**What you need to do**:
Show every line in the records below that contains the word "Autodesk".

**Source records**:

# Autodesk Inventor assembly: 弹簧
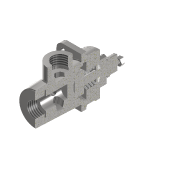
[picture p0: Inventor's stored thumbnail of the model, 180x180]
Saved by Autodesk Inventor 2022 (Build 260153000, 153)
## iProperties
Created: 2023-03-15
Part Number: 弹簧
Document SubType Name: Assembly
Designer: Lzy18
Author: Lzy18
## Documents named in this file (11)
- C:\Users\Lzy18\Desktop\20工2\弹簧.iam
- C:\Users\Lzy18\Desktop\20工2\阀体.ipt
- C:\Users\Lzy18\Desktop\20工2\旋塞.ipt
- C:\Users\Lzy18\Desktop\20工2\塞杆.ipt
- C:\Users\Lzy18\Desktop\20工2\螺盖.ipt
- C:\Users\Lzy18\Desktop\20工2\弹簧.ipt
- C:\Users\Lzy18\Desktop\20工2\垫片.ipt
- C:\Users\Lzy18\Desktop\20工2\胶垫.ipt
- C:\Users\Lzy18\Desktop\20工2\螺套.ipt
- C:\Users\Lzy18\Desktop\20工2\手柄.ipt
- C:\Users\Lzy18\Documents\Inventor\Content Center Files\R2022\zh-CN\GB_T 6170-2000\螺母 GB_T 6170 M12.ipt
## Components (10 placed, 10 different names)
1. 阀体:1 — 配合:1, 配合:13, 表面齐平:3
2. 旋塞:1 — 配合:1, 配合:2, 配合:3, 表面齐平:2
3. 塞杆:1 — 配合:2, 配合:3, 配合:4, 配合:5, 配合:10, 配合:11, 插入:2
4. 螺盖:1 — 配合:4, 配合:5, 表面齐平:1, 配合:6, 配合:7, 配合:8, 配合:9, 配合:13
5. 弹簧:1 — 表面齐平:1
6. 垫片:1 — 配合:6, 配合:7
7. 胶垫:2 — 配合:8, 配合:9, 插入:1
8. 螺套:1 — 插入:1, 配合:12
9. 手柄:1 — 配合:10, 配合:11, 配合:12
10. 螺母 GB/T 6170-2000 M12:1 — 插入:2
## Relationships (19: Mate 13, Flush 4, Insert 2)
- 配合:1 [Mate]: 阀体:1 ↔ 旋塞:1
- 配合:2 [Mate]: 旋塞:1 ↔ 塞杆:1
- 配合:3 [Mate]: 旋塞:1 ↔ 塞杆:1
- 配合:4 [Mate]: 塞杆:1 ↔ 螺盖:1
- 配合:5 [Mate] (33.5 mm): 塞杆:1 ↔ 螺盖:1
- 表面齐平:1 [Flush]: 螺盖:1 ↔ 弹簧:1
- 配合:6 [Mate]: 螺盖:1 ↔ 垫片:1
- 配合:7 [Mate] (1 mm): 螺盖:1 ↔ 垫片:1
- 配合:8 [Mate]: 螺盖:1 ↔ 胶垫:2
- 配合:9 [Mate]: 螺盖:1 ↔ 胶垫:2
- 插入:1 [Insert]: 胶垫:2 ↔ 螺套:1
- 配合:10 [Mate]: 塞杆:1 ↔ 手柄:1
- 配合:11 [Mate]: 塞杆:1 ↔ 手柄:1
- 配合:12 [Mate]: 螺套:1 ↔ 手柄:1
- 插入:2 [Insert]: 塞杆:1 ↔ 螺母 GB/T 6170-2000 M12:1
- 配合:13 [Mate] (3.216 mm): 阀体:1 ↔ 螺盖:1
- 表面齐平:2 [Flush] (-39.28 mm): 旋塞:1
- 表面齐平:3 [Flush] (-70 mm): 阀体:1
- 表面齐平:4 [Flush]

**Written answer**:
# Autodesk Inventor assembly: 弹簧
Saved by Autodesk Inventor 2022 (Build 260153000, 153)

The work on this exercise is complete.